While economists and others debate whether the economy has turned a corner, reductions-in-force remain frequent in the U.S. (and global) economy. Most U.S. employers continue to offer downsized employees severance benefits in exchange for a release of claims. Recognizing this, the U.S. Equal Employment Opportunity Commission (EEOC) issued new guidance on July 15, 2009 titled Understanding Waivers of Discrimination Claims in Employee Severance Agreements.

In form, EEOC’s new Severance Agreement guidance is unusual in that it is directed to employees in a Q&A format. For example: “If your employer decides to terminate you, it may give you a severance agreement similar to the one that follows . . .” In substance, however, the guidance is mostly unsurprising in that it simply restates the statutory requirements for individual and group waivers under the Age Discrimination in Employment Act (ADEA), as amended by the Older Workers Benefit Protection Act (OWBPA).

Although written in an especially employee-friendly format, even for EEOC, the guidance serves as a useful compliance tool for employers. For example, EEOC emphasizes that a general release cannot include a waiver of rights to file a charge with EEOC or participate in an agency investigation. Similarly, the guidance states that a release cannot merely acknowledge that the employee has had sufficient time to consult with counsel; rather, the employee must be “advised to consult with an attorney” by the separation agreement itself. See Example 6 (emphasis by EEOC).

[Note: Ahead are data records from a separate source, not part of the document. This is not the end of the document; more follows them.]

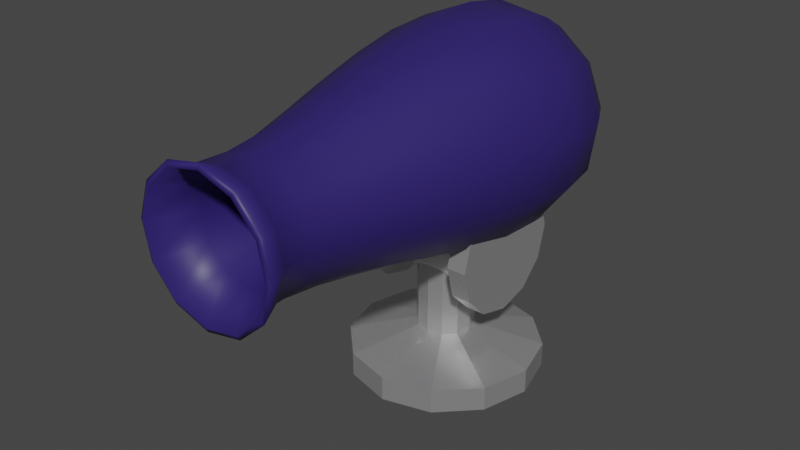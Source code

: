 # Source: Cannon_Model.blend  (saved by Blender 2.81.16; exported with 4.5.12 LTS)
import bpy
from mathutils import Matrix  # noqa: F401  (used for matrix-valued properties, if any)

bpy.ops.wm.read_factory_settings(use_empty=True)
scene = bpy.context.scene
scene.name = 'Scene'

# ---- materials (node trees are filled in below, after node groups)
mat_cannon_base = bpy.data.materials.new('Cannon Base')
mat_cannon_base.use_transparent_shadow = False
mat_cannon = bpy.data.materials.new('Cannon')
mat_cannon.use_transparent_shadow = False

# ---- material node trees
mat_cannon_base.use_nodes = True; mat_cannon_base.node_tree.nodes.clear()
_N = mat_cannon_base.node_tree.nodes; _L = mat_cannon_base.node_tree.links
n0 = _N.new('ShaderNodeOutputMaterial'); n0.name = 'Material Output'; n0.location = (300, 300)
n1 = _N.new('ShaderNodeBsdfPrincipled'); n1.name = 'Principled BSDF'; n1.location = (10, 300)
n1.distribution = 'GGX'
n1.subsurface_method = 'BURLEY'
n1.inputs[0].default_value = (0.6635, 0.6635, 0.6635, 1.0)
n1.inputs[1].default_value = 0.7339
n1.inputs[2].default_value = 0.2523
n1.inputs[3].default_value = 1.45
n1.inputs[13].default_value = 0.656
n1.inputs[27].default_value = (0.0, 0.0, 0.0, 1.0)
n1.inputs[28].default_value = 1.0
_L.new(n1.outputs[0], n0.inputs[0])
n0.is_active_output = True
mat_cannon.use_nodes = True; mat_cannon.node_tree.nodes.clear()
_N = mat_cannon.node_tree.nodes; _L = mat_cannon.node_tree.links
n0 = _N.new('ShaderNodeOutputMaterial'); n0.name = 'Material Output'; n0.location = (300, 300)
n1 = _N.new('ShaderNodeBsdfPrincipled'); n1.name = 'Principled BSDF'; n1.location = (10, 300)
n1.distribution = 'GGX'
n1.subsurface_method = 'BURLEY'
n1.inputs[0].default_value = (0.02812, 0.01535, 0.1413, 1.0)
n1.inputs[3].default_value = 1.45
n1.inputs[27].default_value = (0.0, 0.0, 0.0, 1.0)
n1.inputs[28].default_value = 1.0
_L.new(n1.outputs[0], n0.inputs[0])
n0.is_active_output = True

# ---- world
world_world = bpy.data.worlds.new('World'); scene.world = world_world
world_world.use_nodes = True; world_world.node_tree.nodes.clear()
_N = world_world.node_tree.nodes; _L = world_world.node_tree.links
n0 = _N.new('ShaderNodeOutputWorld'); n0.name = 'World Output'; n0.location = (300, 300)
n1 = _N.new('ShaderNodeBackground'); n1.name = 'Background'; n1.location = (10, 300)
n1.inputs[0].default_value = (0.05088, 0.05088, 0.05088, 1.0)
_L.new(n1.outputs[0], n0.inputs[0])
n0.is_active_output = True
world_world.color = (0.05088, 0.05088, 0.05088)
world_world.use_sun_shadow = False
world_world.sun_shadow_jitter_overblur = 0.0

# ---- meshes
me_circle = bpy.data.meshes.new('Circle')
me_circle.from_pydata([(0.25, 1.893e-08, 0.433), (0.433, 1.093e-08, 0.25), (0.5, -8.077e-15, -1.848e-07), (0.433, -1.093e-08, -0.25), (0.25, -1.893e-08, -0.433), (0.25, 0.125, 0.433), (0.433, 0.125, 0.25), (0.5, 0.125, -1.902e-07), (0.433, 0.125, -0.25), (0.25, 0.125, -0.433), (0.075, 0.2228, 0.1299), (0.1299, 0.2228, 0.075), (0.15, 0.2228, -1.139e-07), (0.1299, 0.2228, -0.075), (0.075, 0.2228, -0.1299), (0.075, 0.7228, 0.1299), (0.1299, 0.7228, 0.075), (0.15, 0.7228, -1.357e-07), (0.1299, 0.7228, -0.075), (0.075, 0.7228, -0.1299), (1.629e-07, 2.186e-08, 0.5), (-0.25, 1.893e-08, 0.433), (-0.433, 1.093e-08, 0.25), (-0.5, 6.166e-15, 1.411e-07), (-0.433, -1.093e-08, -0.25), (-0.25, -1.893e-08, -0.433), (-1.629e-07, -2.186e-08, -0.5), (1.629e-07, 0.125, 0.5), (-0.25, 0.125, 0.433), (-0.433, 0.125, 0.25), (-0.5, 0.125, 1.356e-07), (-0.433, 0.125, -0.25), (-0.25, 0.125, -0.433), (-1.629e-07, 0.125, -0.5), (4.888e-08, 0.2228, 0.15), (-0.075, 0.2228, 0.1299), (-0.1299, 0.2228, 0.075), (-0.15, 0.2228, -1.61e-08), (-0.1299, 0.2228, -0.075), (-0.075, 0.2228, -0.1299), (-4.888e-08, 0.2228, -0.15), (4.888e-08, 0.7228, 0.15), (-0.075, 0.7228, 0.1299), (-0.1299, 0.7228, 0.075), (-0.15, 0.7228, -3.795e-08), (-0.1299, 0.7228, -0.075), (-0.075, 0.7228, -0.1299), (-4.888e-08, 0.7228, -0.15)], [], [(3, 8, 7, 2), (0, 5, 27, 20), (4, 9, 8, 3), (1, 6, 5, 0), (26, 33, 9, 4), (2, 7, 6, 1), (6, 11, 10, 5), (33, 40, 14, 9), (7, 12, 11, 6), (8, 13, 12, 7), (5, 10, 34, 27), (9, 14, 13, 8), (14, 19, 18, 13), (11, 16, 15, 10), (40, 47, 19, 14), (12, 17, 16, 11), (13, 18, 17, 12), (10, 15, 41, 34), (24, 23, 30, 31), (21, 20, 27, 28), (25, 24, 31, 32), (22, 21, 28, 29), (26, 25, 32, 33), (23, 22, 29, 30), (29, 28, 35, 36), (33, 32, 39, 40), (30, 29, 36, 37), (31, 30, 37, 38), (28, 27, 34, 35), (32, 31, 38, 39), (39, 38, 45, 46), (36, 35, 42, 43), (40, 39, 46, 47), (37, 36, 43, 44), (38, 37, 44, 45), (35, 34, 41, 42)])
_uv = me_circle.uv_layers.new(name='UVMap')
_uv.uv.foreach_set('vector', [0.0, 0.0, 0.0, 0.0, 0.0, 0.0, 0.0, 0.0, 0.0, 0.0, 0.0, 0.0, 0.0, 0.0, 0.0, 0.0, 0.0, 0.0, 0.0, 0.0, 0.0, 0.0, 0.0, 0.0, 0.0, 0.0, 0.0, 0.0, 0.0, 0.0, 0.0, 0.0, 0.0, 0.0, 0.0, 0.0, 0.0, 0.0, 0.0, 0.0, 0.0, 0.0, 0.0, 0.0, 0.0, 0.0, 0.0, 0.0, 0.0, 0.0, 0.0, 0.0, 0.0, 0.0, 0.0, 0.0, 0.0, 0.0, 0.0, 0.0, 0.0, 0.0, 0.0, 0.0, 0.0, 0.0, 0.0, 0.0, 0.0, 0.0, 0.0, 0.0, 0.0, 0.0, 0.0, 0.0, 0.0, 0.0, 0.0, 0.0, 0.0, 0.0, 0.0, 0.0, 0.0, 0.0, 0.0, 0.0, 0.0, 0.0, 0.0, 0.0, 0.0, 0.0, 0.0, 0.0, 0.0, 0.0, 0.0, 0.0, 0.0, 0.0, 0.0, 0.0, 0.0, 0.0, 0.0, 0.0, 0.0, 0.0, 0.0, 0.0, 0.0, 0.0, 0.0, 0.0, 0.0, 0.0, 0.0, 0.0, 0.0, 0.0, 0.0, 0.0, 0.0, 0.0, 0.0, 0.0, 0.0, 0.0, 0.0, 0.0, 0.0, 0.0, 0.0, 0.0, 0.0, 0.0, 0.0, 0.0, 0.0, 0.0, 0.0, 0.0, 0.0, 0.0, 0.0, 0.0, 0.0, 0.0, 0.0, 0.0, 0.0, 0.0, 0.0, 0.0, 0.0, 0.0, 0.0, 0.0, 0.0, 0.0, 0.0, 0.0, 0.0, 0.0, 0.0, 0.0, 0.0, 0.0, 0.0, 0.0, 0.0, 0.0, 0.0, 0.0, 0.0, 0.0, 0.0, 0.0, 0.0, 0.0, 0.0, 0.0, 0.0, 0.0, 0.0, 0.0, 0.0, 0.0, 0.0, 0.0, 0.0, 0.0, 0.0, 0.0, 0.0, 0.0, 0.0, 0.0, 0.0, 0.0, 0.0, 0.0, 0.0, 0.0, 0.0, 0.0, 0.0, 0.0, 0.0, 0.0, 0.0, 0.0, 0.0, 0.0, 0.0, 0.0, 0.0, 0.0, 0.0, 0.0, 0.0, 0.0, 0.0, 0.0, 0.0, 0.0, 0.0, 0.0, 0.0, 0.0, 0.0, 0.0, 0.0, 0.0, 0.0, 0.0, 0.0, 0.0, 0.0, 0.0, 0.0, 0.0, 0.0, 0.0, 0.0, 0.0, 0.0, 0.0, 0.0, 0.0, 0.0, 0.0, 0.0, 0.0, 0.0, 0.0, 0.0, 0.0, 0.0, 0.0, 0.0, 0.0, 0.0, 0.0, 0.0, 0.0, 0.0, 0.0, 0.0, 0.0, 0.0, 0.0, 0.0, 0.0, 0.0, 0.0, 0.0, 0.0, 0.0, 0.0, 0.0, 0.0, 0.0, 0.0, 0.0, 0.0])
me_circle.materials.append(mat_cannon_base)
me_circle.use_remesh_fix_poles = True
me_circle.use_remesh_preserve_attributes = False
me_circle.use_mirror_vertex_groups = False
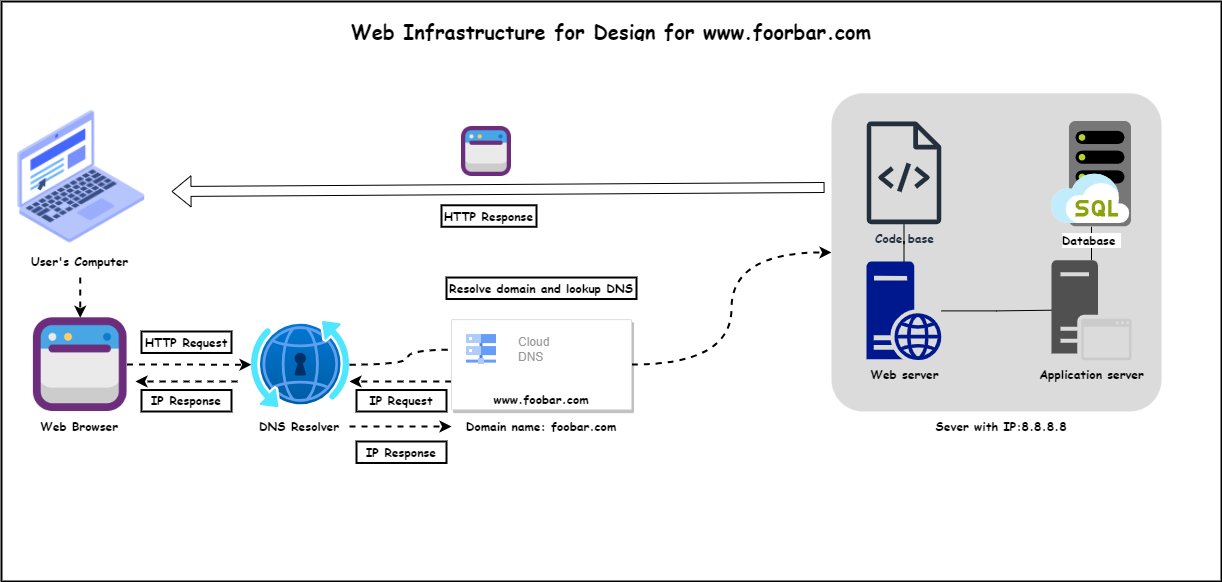

The diagram above was exported from draw.io. Its source (the exported page's mxGraphModel, read from the mxfile embedded in the PNG):
<mxGraphModel dx="2194" dy="1906" grid="1" gridSize="10" guides="1" tooltips="1" connect="1" arrows="1" fold="1" page="1" pageScale="1" pageWidth="850" pageHeight="1100" math="0" shadow="0">
  <root>
    <mxCell id="0" />
    <mxCell id="1" parent="0" />
    <mxCell id="2" value="" style="whiteSpace=wrap;strokeWidth=2;verticalAlign=top;fontStyle=1;fontFamily=Comic Sans MS;" parent="1" vertex="1">
      <mxGeometry x="-840" y="-1040" width="1220" height="580" as="geometry" />
    </mxCell>
    <mxCell id="6" value="HTTP Request" style="whiteSpace=wrap;strokeWidth=2;fontFamily=Comic Sans MS;fontStyle=1" parent="2" vertex="1">
      <mxGeometry x="140" y="330" width="90" height="21.48" as="geometry" />
    </mxCell>
    <mxCell id="cf-2AFHfg193cVEzCLMi-17" value="" style="shape=image;html=1;verticalAlign=middle;verticalLabelPosition=bottom;labelBackgroundColor=#ffffff;imageAspect=0;aspect=fixed;image=https://cdn2.iconfinder.com/data/icons/whcompare-isometric-web-hosting-servers/50/web-browser-on-laptop-128.png;direction=east;flipH=1;fontFamily=Comic Sans MS;" parent="2" vertex="1">
      <mxGeometry x="9.998490566037738" y="106.33148148148148" width="137.4814814814815" height="137.4814814814815" as="geometry" />
    </mxCell>
    <mxCell id="cf-2AFHfg193cVEzCLMi-36" value="" style="edgeStyle=orthogonalEdgeStyle;rounded=0;orthogonalLoop=1;jettySize=auto;html=1;strokeWidth=2;dashed=1;" parent="2" source="cf-2AFHfg193cVEzCLMi-18" target="cf-2AFHfg193cVEzCLMi-34" edge="1">
      <mxGeometry relative="1" as="geometry" />
    </mxCell>
    <mxCell id="cf-2AFHfg193cVEzCLMi-18" value="" style="shape=image;html=1;verticalAlign=top;verticalLabelPosition=bottom;labelBackgroundColor=#ffffff;imageAspect=0;aspect=fixed;image=https://cdn4.iconfinder.com/data/icons/essentials-74/24/004_-_Website-128.png;strokeWidth=2;" parent="2" vertex="1">
      <mxGeometry x="31.889999999999986" y="316.3" width="93.7" height="93.7" as="geometry" />
    </mxCell>
    <mxCell id="cf-2AFHfg193cVEzCLMi-21" value="" style="edgeStyle=orthogonalEdgeStyle;rounded=0;orthogonalLoop=1;jettySize=auto;html=1;strokeWidth=2;dashed=1;" parent="2" source="cf-2AFHfg193cVEzCLMi-19" target="cf-2AFHfg193cVEzCLMi-18" edge="1">
      <mxGeometry relative="1" as="geometry" />
    </mxCell>
    <mxCell id="cf-2AFHfg193cVEzCLMi-19" value="&lt;font face=&quot;Comic Sans MS&quot;&gt;&lt;b&gt;User's Computer&lt;/b&gt;&lt;/font&gt;" style="text;html=1;strokeColor=none;fillColor=none;align=center;verticalAlign=middle;whiteSpace=wrap;rounded=0;" parent="2" vertex="1">
      <mxGeometry x="10" y="243.81" width="137.48" height="32.22" as="geometry" />
    </mxCell>
    <mxCell id="cf-2AFHfg193cVEzCLMi-22" value="&lt;h1&gt;&lt;font style=&quot;font-size: 20px;&quot; face=&quot;Comic Sans MS&quot;&gt;Web Infrastructure for Design for www.foorbar.com&lt;/font&gt;&lt;/h1&gt;" style="text;html=1;strokeColor=none;fillColor=none;spacing=5;spacingTop=-20;whiteSpace=wrap;overflow=hidden;rounded=0;align=center;" parent="2" vertex="1">
      <mxGeometry x="300" y="10" width="620" height="30" as="geometry" />
    </mxCell>
    <mxCell id="cf-2AFHfg193cVEzCLMi-31" value="&lt;font face=&quot;Comic Sans MS&quot;&gt;&lt;b&gt;Web Browser&amp;nbsp;&lt;/b&gt;&lt;/font&gt;" style="text;html=1;strokeColor=none;fillColor=none;align=center;verticalAlign=middle;whiteSpace=wrap;rounded=0;" parent="2" vertex="1">
      <mxGeometry x="37.480000000000004" y="410" width="88.11" height="30" as="geometry" />
    </mxCell>
    <mxCell id="cf-2AFHfg193cVEzCLMi-49" value="" style="edgeStyle=orthogonalEdgeStyle;rounded=0;orthogonalLoop=1;jettySize=auto;html=1;dashed=1;strokeWidth=2;endArrow=classic;endFill=1;curved=1;" parent="2" source="cf-2AFHfg193cVEzCLMi-34" target="cf-2AFHfg193cVEzCLMi-40" edge="1">
      <mxGeometry relative="1" as="geometry" />
    </mxCell>
    <mxCell id="cf-2AFHfg193cVEzCLMi-34" value="" style="image;aspect=fixed;html=1;points=[];align=center;fontSize=12;image=img/lib/azure2/networking/DNS_Private_Resolver.svg;" parent="2" vertex="1">
      <mxGeometry x="250" y="319.91999999999996" width="98" height="86.47" as="geometry" />
    </mxCell>
    <mxCell id="fPFS_vRFfcOzRveUMNEH-6" value="" style="edgeStyle=orthogonalEdgeStyle;rounded=0;orthogonalLoop=1;jettySize=auto;html=1;strokeWidth=2;dashed=1;" edge="1" parent="2" source="cf-2AFHfg193cVEzCLMi-38" target="cf-2AFHfg193cVEzCLMi-67">
      <mxGeometry relative="1" as="geometry" />
    </mxCell>
    <mxCell id="cf-2AFHfg193cVEzCLMi-38" value="&lt;font face=&quot;Comic Sans MS&quot;&gt;&lt;b&gt;DNS Resolver&lt;/b&gt;&lt;/font&gt;" style="text;html=1;strokeColor=none;fillColor=none;align=center;verticalAlign=middle;whiteSpace=wrap;rounded=0;" parent="2" vertex="1">
      <mxGeometry x="248" y="410" width="100" height="30" as="geometry" />
    </mxCell>
    <mxCell id="cf-2AFHfg193cVEzCLMi-53" value="" style="edgeStyle=orthogonalEdgeStyle;rounded=0;orthogonalLoop=1;jettySize=auto;html=1;strokeWidth=2;dashed=1;curved=1;" parent="2" source="cf-2AFHfg193cVEzCLMi-39" target="cf-2AFHfg193cVEzCLMi-50" edge="1">
      <mxGeometry relative="1" as="geometry" />
    </mxCell>
    <mxCell id="fPFS_vRFfcOzRveUMNEH-7" value="" style="edgeStyle=orthogonalEdgeStyle;rounded=0;orthogonalLoop=1;jettySize=auto;html=1;curved=1;dashed=1;strokeWidth=2;" edge="1" parent="2" source="cf-2AFHfg193cVEzCLMi-39" target="cf-2AFHfg193cVEzCLMi-34">
      <mxGeometry relative="1" as="geometry">
        <Array as="points">
          <mxPoint x="400" y="380" />
          <mxPoint x="400" y="380" />
        </Array>
      </mxGeometry>
    </mxCell>
    <mxCell id="cf-2AFHfg193cVEzCLMi-39" value="www.foobar.com" style="strokeColor=#dddddd;shadow=1;strokeWidth=1;rounded=1;absoluteArcSize=1;arcSize=2;fontStyle=1;fontFamily=Comic Sans MS;verticalAlign=bottom;" parent="2" vertex="1">
      <mxGeometry x="450" y="318.11" width="180" height="90.08" as="geometry" />
    </mxCell>
    <mxCell id="cf-2AFHfg193cVEzCLMi-40" value="Cloud&#10;DNS" style="editableCssRules=.*;html=1;fontColor=#999999;shape=image;verticalLabelPosition=middle;labelBackgroundColor=#ffffff;verticalAlign=middle;labelPosition=right;align=left;spacingLeft=20;part=1;points=[];imageAspect=0;image=data:image/svg+xml,(base64 omitted: 828 chars);strokeWidth=2;dashed=1;" parent="cf-2AFHfg193cVEzCLMi-39" vertex="1">
      <mxGeometry width="30" height="30" relative="1" as="geometry">
        <mxPoint x="15" y="15" as="offset" />
      </mxGeometry>
    </mxCell>
    <mxCell id="cf-2AFHfg193cVEzCLMi-50" value="" style="rounded=1;arcSize=10;strokeColor=none;fillColor=#DBDBDB;gradientColor=none;" parent="2" vertex="1">
      <mxGeometry x="830" y="91.81" width="330" height="318.19" as="geometry" />
    </mxCell>
    <mxCell id="cf-2AFHfg193cVEzCLMi-51" value="&lt;font face=&quot;Comic Sans MS&quot;&gt;&lt;b&gt;Sever with IP:8.8.8.8&lt;/b&gt;&lt;/font&gt;" style="text;html=1;strokeColor=none;fillColor=none;align=center;verticalAlign=middle;whiteSpace=wrap;rounded=0;" parent="2" vertex="1">
      <mxGeometry x="880" y="410" width="240" height="30" as="geometry" />
    </mxCell>
    <mxCell id="cf-2AFHfg193cVEzCLMi-55" value="&lt;font face=&quot;Comic Sans MS&quot;&gt;&lt;b&gt;Application server&lt;/b&gt;&lt;/font&gt;" style="sketch=0;pointerEvents=1;shadow=0;dashed=0;html=1;strokeColor=none;fillColor=#505050;labelPosition=center;verticalLabelPosition=bottom;verticalAlign=top;outlineConnect=0;align=center;shape=mxgraph.office.servers.application_server_ghosted;" parent="2" vertex="1">
      <mxGeometry x="1050" y="258.69" width="80" height="100" as="geometry" />
    </mxCell>
    <mxCell id="cf-2AFHfg193cVEzCLMi-61" value="" style="edgeStyle=orthogonalEdgeStyle;rounded=0;orthogonalLoop=1;jettySize=auto;html=1;endArrow=none;endFill=0;" parent="2" source="cf-2AFHfg193cVEzCLMi-56" target="cf-2AFHfg193cVEzCLMi-55" edge="1">
      <mxGeometry relative="1" as="geometry" />
    </mxCell>
    <mxCell id="cf-2AFHfg193cVEzCLMi-62" value="" style="edgeStyle=orthogonalEdgeStyle;rounded=0;orthogonalLoop=1;jettySize=auto;html=1;endArrow=none;endFill=0;" parent="2" source="cf-2AFHfg193cVEzCLMi-56" target="cf-2AFHfg193cVEzCLMi-57" edge="1">
      <mxGeometry relative="1" as="geometry" />
    </mxCell>
    <mxCell id="cf-2AFHfg193cVEzCLMi-56" value="&lt;font face=&quot;Comic Sans MS&quot;&gt;&lt;b&gt;Web server&lt;/b&gt;&lt;/font&gt;" style="sketch=0;aspect=fixed;pointerEvents=1;shadow=0;dashed=0;html=1;strokeColor=none;labelPosition=center;verticalLabelPosition=bottom;verticalAlign=top;align=center;fillColor=#00188D;shape=mxgraph.mscae.enterprise.web_server" parent="2" vertex="1">
      <mxGeometry x="865" y="260" width="75" height="98.69" as="geometry" />
    </mxCell>
    <mxCell id="cf-2AFHfg193cVEzCLMi-57" value="&lt;font face=&quot;Comic Sans MS&quot;&gt;&lt;b&gt;Code base&lt;/b&gt;&lt;/font&gt;" style="sketch=0;outlineConnect=0;fontColor=#232F3E;gradientColor=none;fillColor=#232F3D;strokeColor=none;dashed=0;verticalLabelPosition=bottom;verticalAlign=top;align=center;html=1;fontSize=12;fontStyle=0;aspect=fixed;pointerEvents=1;shape=mxgraph.aws4.source_code;" parent="2" vertex="1">
      <mxGeometry x="865" y="120" width="75" height="102.63" as="geometry" />
    </mxCell>
    <mxCell id="cf-2AFHfg193cVEzCLMi-63" value="" style="edgeStyle=orthogonalEdgeStyle;rounded=0;orthogonalLoop=1;jettySize=auto;html=1;startArrow=none;startFill=0;endArrow=none;endFill=0;" parent="2" source="cf-2AFHfg193cVEzCLMi-58" target="cf-2AFHfg193cVEzCLMi-55" edge="1">
      <mxGeometry relative="1" as="geometry" />
    </mxCell>
    <mxCell id="cf-2AFHfg193cVEzCLMi-58" value="&lt;font face=&quot;Comic Sans MS&quot;&gt;&lt;b&gt;Database&amp;nbsp;&lt;/b&gt;&lt;/font&gt;" style="image;sketch=0;aspect=fixed;html=1;points=[];align=center;fontSize=12;image=img/lib/mscae/SQL_Managed_Instances.svg;" parent="2" vertex="1">
      <mxGeometry x="1050" y="120" width="80" height="105.26" as="geometry" />
    </mxCell>
    <mxCell id="cf-2AFHfg193cVEzCLMi-67" value="&lt;font face=&quot;Comic Sans MS&quot;&gt;&lt;b&gt;Domain name: foobar.com&lt;/b&gt;&lt;/font&gt;" style="text;html=1;strokeColor=none;fillColor=none;align=center;verticalAlign=middle;whiteSpace=wrap;rounded=0;" parent="2" vertex="1">
      <mxGeometry x="450" y="410" width="180" height="30" as="geometry" />
    </mxCell>
    <mxCell id="cf-2AFHfg193cVEzCLMi-68" value="Resolve domain and lookup DNS" style="whiteSpace=wrap;strokeWidth=2;fontFamily=Comic Sans MS;fontStyle=1" parent="2" vertex="1">
      <mxGeometry x="445" y="276.03" width="190" height="21.48" as="geometry" />
    </mxCell>
    <mxCell id="cf-2AFHfg193cVEzCLMi-72" value="" style="shape=flexArrow;endArrow=classic;html=1;rounded=0;exitX=-0.021;exitY=0.296;exitDx=0;exitDy=0;exitPerimeter=0;" parent="2" source="cf-2AFHfg193cVEzCLMi-50" edge="1">
      <mxGeometry width="50" height="50" relative="1" as="geometry">
        <mxPoint x="822.8400000000001" y="203.72" as="sourcePoint" />
        <mxPoint x="169.99997204751892" y="189.99716688409782" as="targetPoint" />
      </mxGeometry>
    </mxCell>
    <mxCell id="cf-2AFHfg193cVEzCLMi-75" value="" style="shape=image;html=1;verticalAlign=top;verticalLabelPosition=bottom;labelBackgroundColor=#ffffff;imageAspect=0;aspect=fixed;image=https://cdn4.iconfinder.com/data/icons/essentials-74/24/004_-_Website-128.png" parent="2" vertex="1">
      <mxGeometry x="460" y="125" width="50" height="50" as="geometry" />
    </mxCell>
    <mxCell id="fPFS_vRFfcOzRveUMNEH-8" value="" style="edgeStyle=orthogonalEdgeStyle;rounded=0;orthogonalLoop=1;jettySize=auto;html=1;curved=1;dashed=1;strokeWidth=2;" edge="1" parent="2">
      <mxGeometry relative="1" as="geometry">
        <mxPoint x="236" y="380" as="sourcePoint" />
        <mxPoint x="134" y="380" as="targetPoint" />
        <Array as="points">
          <mxPoint x="206" y="380" />
          <mxPoint x="206" y="380" />
        </Array>
      </mxGeometry>
    </mxCell>
    <mxCell id="fPFS_vRFfcOzRveUMNEH-9" value="IP Response" style="whiteSpace=wrap;strokeWidth=2;fontFamily=Comic Sans MS;fontStyle=1" vertex="1" parent="2">
      <mxGeometry x="140" y="388.52" width="90" height="21.48" as="geometry" />
    </mxCell>
    <mxCell id="fPFS_vRFfcOzRveUMNEH-49" value="IP Request" style="whiteSpace=wrap;strokeWidth=2;fontFamily=Comic Sans MS;fontStyle=1" vertex="1" parent="2">
      <mxGeometry x="355" y="388.52" width="90" height="21.48" as="geometry" />
    </mxCell>
    <mxCell id="fPFS_vRFfcOzRveUMNEH-50" value="HTTP Response" style="whiteSpace=wrap;strokeWidth=2;fontFamily=Comic Sans MS;fontStyle=1" vertex="1" parent="2">
      <mxGeometry x="440" y="203.78" width="95" height="21.48" as="geometry" />
    </mxCell>
    <mxCell id="fPFS_vRFfcOzRveUMNEH-51" value="IP Response" style="whiteSpace=wrap;strokeWidth=2;fontFamily=Comic Sans MS;fontStyle=1" vertex="1" parent="2">
      <mxGeometry x="355" y="440" width="90" height="21.48" as="geometry" />
    </mxCell>
  </root>
</mxGraphModel>

The guidance contains two other noteworthy messages for employers. First, EEOC posits that employers cannot “cure” a defective waiver by later providing OWBPA information omitted from the original agreement—and commensurately restarting OWBPA’s 21- or 45-day period. See Answer to Question 6 (citing Butcher v. Gerber Products Co., 8 F. Supp. 2d 307 (S.D. N.Y. 1998)). For example, suppose the employer inadvertently omits a page from the ages and job titles disclosure sent to employees as part of a group termination program. According to EEOC, the employer cannot cure this technical defect by sending a corrected list and re-starting the 45-day period, at least not after the employee has signed the agreement. Like the district court in Butcher, however, EEOC provides no rationale for this extreme view. Nonetheless, EEOC’s position reinforces the need for employers to make sure their OWBPA disclosure is 100% correct in the first instance.

Second, in a surprisingly equivocal stance, EEOC takes no position on whether employers conducting a RIF must disclose selection criteria for the RIF. Several lower courts have ruled this way, citing OWBPA’s requirement that employers disclose the “eligibility factors” for a group termination program. The agency cites those decisions, along with its own prior regulations—which say nothing about selection criteria, with no conclusion as to whether those criteria must be disclosed.

One might have expected EEOC to join those lower courts in demanding the additional disclosure. It is conceivable that EEOC, at least for now, has decided selection criteria need not be disclosed, so long as the employer has otherwise complied with OWBPA’s prescriptions. Alternatively, EEOC may have decided against imposing an additional disclosure requirement not plainly required by the statute. Or, EEOC may have decided to leave employers wondering about this vexing issue. After all, as noted above, this latest guidance is intended mainly to assist employees.

You can access EEOC’s guidance directly at www.eeoc.gov/policy/docs/qanda_severance-agreements.html.